WHAT IS BEING ASKED → Check the entries below for lines with "mechanical"; report only how many there are.
BEGIN SOURCE DATA
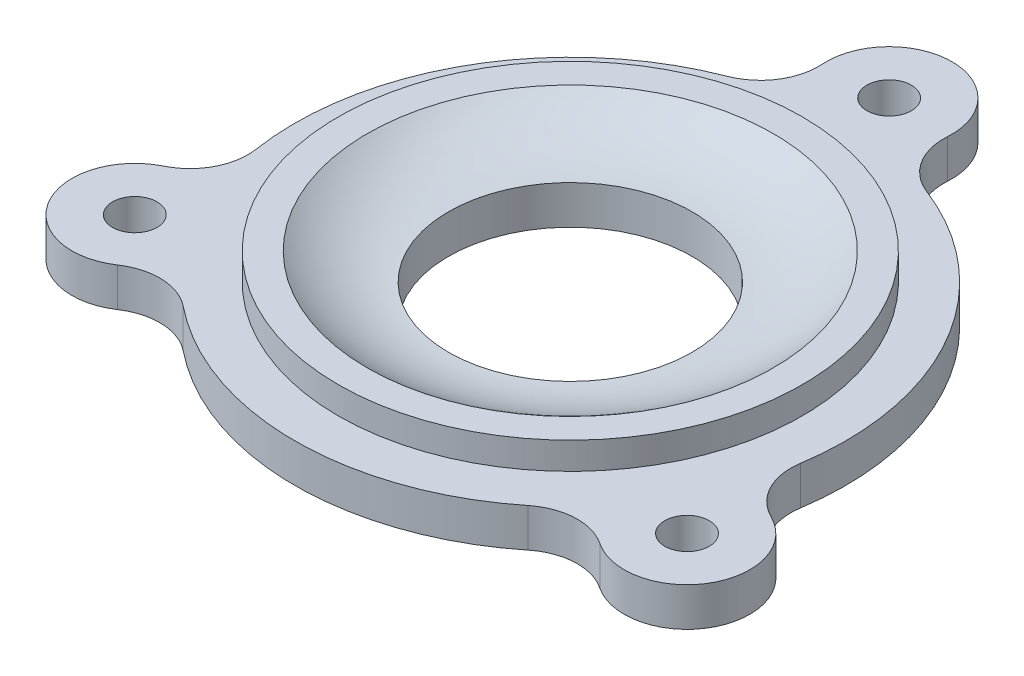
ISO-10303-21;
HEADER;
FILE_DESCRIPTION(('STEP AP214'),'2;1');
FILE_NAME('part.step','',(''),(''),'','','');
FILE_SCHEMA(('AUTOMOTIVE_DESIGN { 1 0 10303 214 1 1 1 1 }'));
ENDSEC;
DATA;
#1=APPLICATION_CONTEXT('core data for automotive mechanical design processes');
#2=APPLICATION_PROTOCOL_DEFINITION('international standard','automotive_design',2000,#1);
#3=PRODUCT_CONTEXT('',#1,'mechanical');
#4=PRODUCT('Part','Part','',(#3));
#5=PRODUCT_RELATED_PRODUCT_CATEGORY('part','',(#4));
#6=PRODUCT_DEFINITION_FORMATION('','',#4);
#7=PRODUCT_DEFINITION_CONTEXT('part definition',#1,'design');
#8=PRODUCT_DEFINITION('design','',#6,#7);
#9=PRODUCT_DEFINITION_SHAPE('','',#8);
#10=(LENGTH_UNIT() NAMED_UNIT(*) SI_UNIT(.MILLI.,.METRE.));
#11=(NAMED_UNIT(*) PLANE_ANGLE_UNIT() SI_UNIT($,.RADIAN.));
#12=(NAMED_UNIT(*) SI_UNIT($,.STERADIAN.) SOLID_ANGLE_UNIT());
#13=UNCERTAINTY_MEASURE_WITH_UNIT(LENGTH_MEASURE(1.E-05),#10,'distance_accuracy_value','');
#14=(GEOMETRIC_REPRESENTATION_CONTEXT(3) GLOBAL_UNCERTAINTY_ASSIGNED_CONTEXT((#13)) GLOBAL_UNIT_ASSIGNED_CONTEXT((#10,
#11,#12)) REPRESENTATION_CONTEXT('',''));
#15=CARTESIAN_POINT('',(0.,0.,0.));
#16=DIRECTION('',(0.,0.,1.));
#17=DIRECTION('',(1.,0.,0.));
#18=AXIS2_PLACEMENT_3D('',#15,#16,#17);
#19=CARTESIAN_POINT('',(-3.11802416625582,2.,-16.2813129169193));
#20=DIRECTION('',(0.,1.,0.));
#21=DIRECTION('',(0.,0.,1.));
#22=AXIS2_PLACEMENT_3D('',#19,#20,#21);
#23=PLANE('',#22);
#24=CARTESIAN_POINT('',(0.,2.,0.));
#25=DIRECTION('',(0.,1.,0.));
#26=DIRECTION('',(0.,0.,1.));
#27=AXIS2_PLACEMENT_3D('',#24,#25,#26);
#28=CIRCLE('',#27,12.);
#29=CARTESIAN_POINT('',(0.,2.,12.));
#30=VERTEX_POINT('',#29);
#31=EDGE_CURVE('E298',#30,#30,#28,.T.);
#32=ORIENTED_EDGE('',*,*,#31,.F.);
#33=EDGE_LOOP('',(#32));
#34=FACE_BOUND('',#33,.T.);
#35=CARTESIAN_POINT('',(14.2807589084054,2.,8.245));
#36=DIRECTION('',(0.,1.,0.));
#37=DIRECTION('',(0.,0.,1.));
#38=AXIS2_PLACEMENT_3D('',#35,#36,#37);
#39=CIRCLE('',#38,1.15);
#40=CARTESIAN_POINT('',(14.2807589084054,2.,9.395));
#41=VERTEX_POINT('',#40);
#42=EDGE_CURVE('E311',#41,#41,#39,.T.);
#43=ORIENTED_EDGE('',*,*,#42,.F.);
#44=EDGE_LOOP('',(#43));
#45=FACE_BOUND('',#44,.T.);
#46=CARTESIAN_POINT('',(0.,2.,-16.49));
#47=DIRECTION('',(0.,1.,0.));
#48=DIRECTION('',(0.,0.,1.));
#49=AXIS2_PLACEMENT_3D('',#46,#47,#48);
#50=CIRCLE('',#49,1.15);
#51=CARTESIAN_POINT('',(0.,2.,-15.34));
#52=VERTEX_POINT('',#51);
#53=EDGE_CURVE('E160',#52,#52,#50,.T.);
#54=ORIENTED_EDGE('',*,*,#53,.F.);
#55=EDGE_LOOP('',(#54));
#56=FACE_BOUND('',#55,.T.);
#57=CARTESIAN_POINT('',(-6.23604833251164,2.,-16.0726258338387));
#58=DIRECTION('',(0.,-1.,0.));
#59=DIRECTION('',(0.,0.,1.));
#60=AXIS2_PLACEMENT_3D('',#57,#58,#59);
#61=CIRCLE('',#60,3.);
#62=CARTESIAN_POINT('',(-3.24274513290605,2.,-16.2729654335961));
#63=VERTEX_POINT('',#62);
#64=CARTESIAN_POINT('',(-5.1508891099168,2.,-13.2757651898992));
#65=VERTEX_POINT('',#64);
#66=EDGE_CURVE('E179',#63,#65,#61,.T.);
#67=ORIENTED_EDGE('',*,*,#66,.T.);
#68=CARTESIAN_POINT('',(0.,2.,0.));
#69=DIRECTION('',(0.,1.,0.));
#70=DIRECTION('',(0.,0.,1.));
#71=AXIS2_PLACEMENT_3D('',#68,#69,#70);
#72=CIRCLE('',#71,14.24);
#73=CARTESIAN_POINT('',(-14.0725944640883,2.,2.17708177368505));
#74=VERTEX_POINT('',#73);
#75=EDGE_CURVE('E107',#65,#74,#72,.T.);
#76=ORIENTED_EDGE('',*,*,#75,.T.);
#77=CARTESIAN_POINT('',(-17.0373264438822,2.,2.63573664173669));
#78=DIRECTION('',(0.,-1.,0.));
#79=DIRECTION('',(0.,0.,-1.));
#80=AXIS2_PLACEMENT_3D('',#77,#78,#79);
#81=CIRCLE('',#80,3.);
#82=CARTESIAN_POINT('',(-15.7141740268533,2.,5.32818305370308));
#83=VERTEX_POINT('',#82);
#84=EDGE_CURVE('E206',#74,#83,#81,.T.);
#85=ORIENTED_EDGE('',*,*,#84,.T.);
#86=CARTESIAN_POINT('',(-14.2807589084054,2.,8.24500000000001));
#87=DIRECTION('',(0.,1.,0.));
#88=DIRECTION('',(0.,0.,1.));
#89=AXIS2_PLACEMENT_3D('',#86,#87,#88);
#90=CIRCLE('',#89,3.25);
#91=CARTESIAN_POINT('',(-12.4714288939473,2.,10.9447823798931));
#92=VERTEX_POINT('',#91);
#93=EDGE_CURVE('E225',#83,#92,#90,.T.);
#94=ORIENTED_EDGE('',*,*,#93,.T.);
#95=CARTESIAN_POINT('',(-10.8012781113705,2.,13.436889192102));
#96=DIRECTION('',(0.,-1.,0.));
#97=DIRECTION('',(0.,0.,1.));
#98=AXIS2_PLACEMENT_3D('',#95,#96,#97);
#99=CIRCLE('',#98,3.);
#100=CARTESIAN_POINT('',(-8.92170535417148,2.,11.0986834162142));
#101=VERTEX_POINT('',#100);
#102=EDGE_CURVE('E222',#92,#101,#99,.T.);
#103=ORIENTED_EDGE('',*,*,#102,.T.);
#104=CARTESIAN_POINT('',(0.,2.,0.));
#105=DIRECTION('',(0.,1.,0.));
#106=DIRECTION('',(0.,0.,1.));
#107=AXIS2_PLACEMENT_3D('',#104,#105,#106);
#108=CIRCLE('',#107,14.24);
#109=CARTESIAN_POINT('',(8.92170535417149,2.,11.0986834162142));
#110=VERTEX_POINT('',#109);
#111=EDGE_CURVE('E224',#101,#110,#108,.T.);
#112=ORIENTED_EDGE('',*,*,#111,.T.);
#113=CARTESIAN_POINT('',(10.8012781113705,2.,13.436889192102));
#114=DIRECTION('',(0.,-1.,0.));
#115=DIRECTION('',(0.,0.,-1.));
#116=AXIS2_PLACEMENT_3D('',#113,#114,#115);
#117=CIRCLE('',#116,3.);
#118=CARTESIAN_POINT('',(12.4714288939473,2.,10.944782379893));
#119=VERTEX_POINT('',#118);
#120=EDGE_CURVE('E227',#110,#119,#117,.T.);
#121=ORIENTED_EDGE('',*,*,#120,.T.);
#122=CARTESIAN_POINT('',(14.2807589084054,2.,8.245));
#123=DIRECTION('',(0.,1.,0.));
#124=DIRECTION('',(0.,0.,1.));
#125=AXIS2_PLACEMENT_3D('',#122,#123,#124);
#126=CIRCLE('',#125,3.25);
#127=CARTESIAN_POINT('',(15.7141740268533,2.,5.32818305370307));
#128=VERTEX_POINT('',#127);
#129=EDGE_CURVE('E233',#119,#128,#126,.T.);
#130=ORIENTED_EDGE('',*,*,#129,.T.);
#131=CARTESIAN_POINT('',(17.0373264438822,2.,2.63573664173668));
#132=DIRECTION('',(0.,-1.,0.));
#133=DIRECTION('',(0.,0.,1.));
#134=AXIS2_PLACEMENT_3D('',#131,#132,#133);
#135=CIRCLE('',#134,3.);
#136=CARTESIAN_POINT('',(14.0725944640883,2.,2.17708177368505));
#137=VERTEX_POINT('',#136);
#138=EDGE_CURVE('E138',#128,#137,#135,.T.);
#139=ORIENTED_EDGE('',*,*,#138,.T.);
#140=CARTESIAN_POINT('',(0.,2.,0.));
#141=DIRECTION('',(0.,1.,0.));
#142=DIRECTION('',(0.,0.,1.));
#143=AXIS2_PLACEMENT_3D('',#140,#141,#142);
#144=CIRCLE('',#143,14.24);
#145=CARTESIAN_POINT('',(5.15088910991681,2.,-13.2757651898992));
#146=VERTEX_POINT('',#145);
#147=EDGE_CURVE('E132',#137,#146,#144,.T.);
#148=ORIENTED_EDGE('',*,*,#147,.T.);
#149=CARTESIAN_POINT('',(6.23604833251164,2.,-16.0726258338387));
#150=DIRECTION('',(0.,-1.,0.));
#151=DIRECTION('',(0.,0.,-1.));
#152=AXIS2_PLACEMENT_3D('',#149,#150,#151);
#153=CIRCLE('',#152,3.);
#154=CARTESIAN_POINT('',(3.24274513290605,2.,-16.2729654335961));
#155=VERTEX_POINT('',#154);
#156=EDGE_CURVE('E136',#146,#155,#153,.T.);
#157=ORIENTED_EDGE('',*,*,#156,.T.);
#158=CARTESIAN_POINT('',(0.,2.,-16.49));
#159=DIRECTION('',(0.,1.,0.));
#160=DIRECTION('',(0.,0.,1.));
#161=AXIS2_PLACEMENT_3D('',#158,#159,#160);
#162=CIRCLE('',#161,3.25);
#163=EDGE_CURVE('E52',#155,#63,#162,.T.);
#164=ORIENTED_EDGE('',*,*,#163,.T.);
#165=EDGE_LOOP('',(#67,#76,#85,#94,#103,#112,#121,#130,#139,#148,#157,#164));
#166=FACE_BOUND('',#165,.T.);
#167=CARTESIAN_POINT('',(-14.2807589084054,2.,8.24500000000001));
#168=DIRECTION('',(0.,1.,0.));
END SOURCE DATA
ANSWER BOX → 2